Consider also using GeoBlocking, which utilizes a global IP address database to identify and block traffic based on geographic location. This can reduce threat exposure from proven, high-risk areas such as China, Russia or Africa. Also, a thoroughly layered defense should include DNS filtering. This blocks categories of websites which have been identified as security risks based on their domain name before they can even reach the internal network.
The final layer of a solid cyber defense is one that’s critical in the moments after a fraud or attack has taken place. Unfortunately,
that’s something that too many victims are forced to improvise. In some ways, your agency’s response layer is as much prevention and preparation as it is reaction. If you don’t have a plan and protocols in place for each of the threats we’ve mentioned, you’re already two steps behind if you are the victim of a fraud or cyber attack.
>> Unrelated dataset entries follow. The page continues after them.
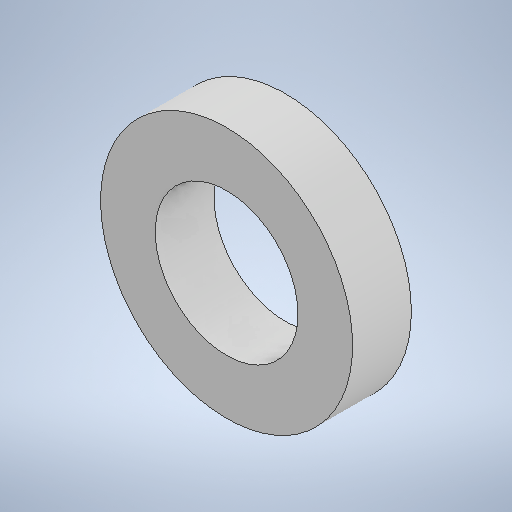
# Autodesk Inventor part: Part3
Saved by Autodesk Inventor 2025.2 (Build 292293000, 293)
## iProperties
Created: 2024-12-14
Part Number: Part3
Material: 一般
Document SubType Name: Modeling
Designer: mahhy
Density: 1 g/cm^3
Appearance: 既定
Author: mahhy
Autodesk Inventor part; units mm, degrees
ref_plane "YZ Plane" through (0, 0, 0) normal (1, 0, 0) x (0, 1, 0)
ref_plane "XZ Plane" through (0, 0, 0) normal (0, 1, 0) x (-1, 0, 0)
ref_plane "XY Plane" through (0, 0, 0) normal (0, 0, 1) x (1, 0, 0)
sketch "スケッチ4" plane through (0, 0, 0) normal (0, 0, 1) x (1, 0, 0)
  circle A0 centre (0, 0) radius 15
  circle A1 centre (0, 0) radius 8.5
  dimension "d8" = 30
  dimension "d9" = 17
  constraints: 2 centre point, 2 coincident
  measures "d8" diameter of A0
  measures "d9" diameter of A1
extrude "押し出し3" add sketch "スケッチ4" against normal blind 7

The two best ways to prepare for an event that can’t be or hasn’t been prevented are having a disaster recovery solution and a rock- solid data backup policy. In the case of a disaster that prevents your major IT systems from functioning, you’ll need to have a plan that includes systems available for you to recover to. Remember, not all disasters are easy to plan for. Disasters can be caused by tornadoes, hurricanes or a broken water pipe above the server. However, the unseen threats like ransomware, software malfunction and data corruption can cause just as much damage to your business.
Data backups are almost as important today as having a good escrow mechanism or even having clients. It’s data that cyber criminals are most often after, and data which allows you to serve your clients. A good backup plan envisions backups of critical data that are taken both onsite and offsite so that there are three copies of the data available in at least two physical locations. Thus, if your data gets deleted by an employee or corrupted by a malware, it can be recovered.
When it comes to disaster recovery, the principle of people- as-assets again comes into play. Good communication is crucial in the moments after an attack or disaster occurs. Solid and updated security protocols ensure your team isn’t “winging it” in the critical early minutes and hours after a cyber event. And
continuous improvement applies as much to your recovery plans as any other layer. As our industry grows more sophisticated, so too do the criminals and the ways your data can be compromised. It’s imperative that you not only make the initial investment in cyber security, but that you account for regular monitoring, updates, and education as well.
Again, all of what we’ve just discussed is just a starting point. There are easily another dozen things or more that you can do to reduce your risk against cybercrime, fraud and data disasters. For example, consider hiring professionals (whether in-house or not) who can align you with the best-in-class standard for data security, SOC2 Type 2. Understand that no defense is perfect, but that the risk of not having a multi-layered plan greatly outweighs the cost of preparation. Your data, and your clients’ data, is now the lifeblood of your business. The threats are growing more sophisticated by the day. So, we ask again, are you truly prepared?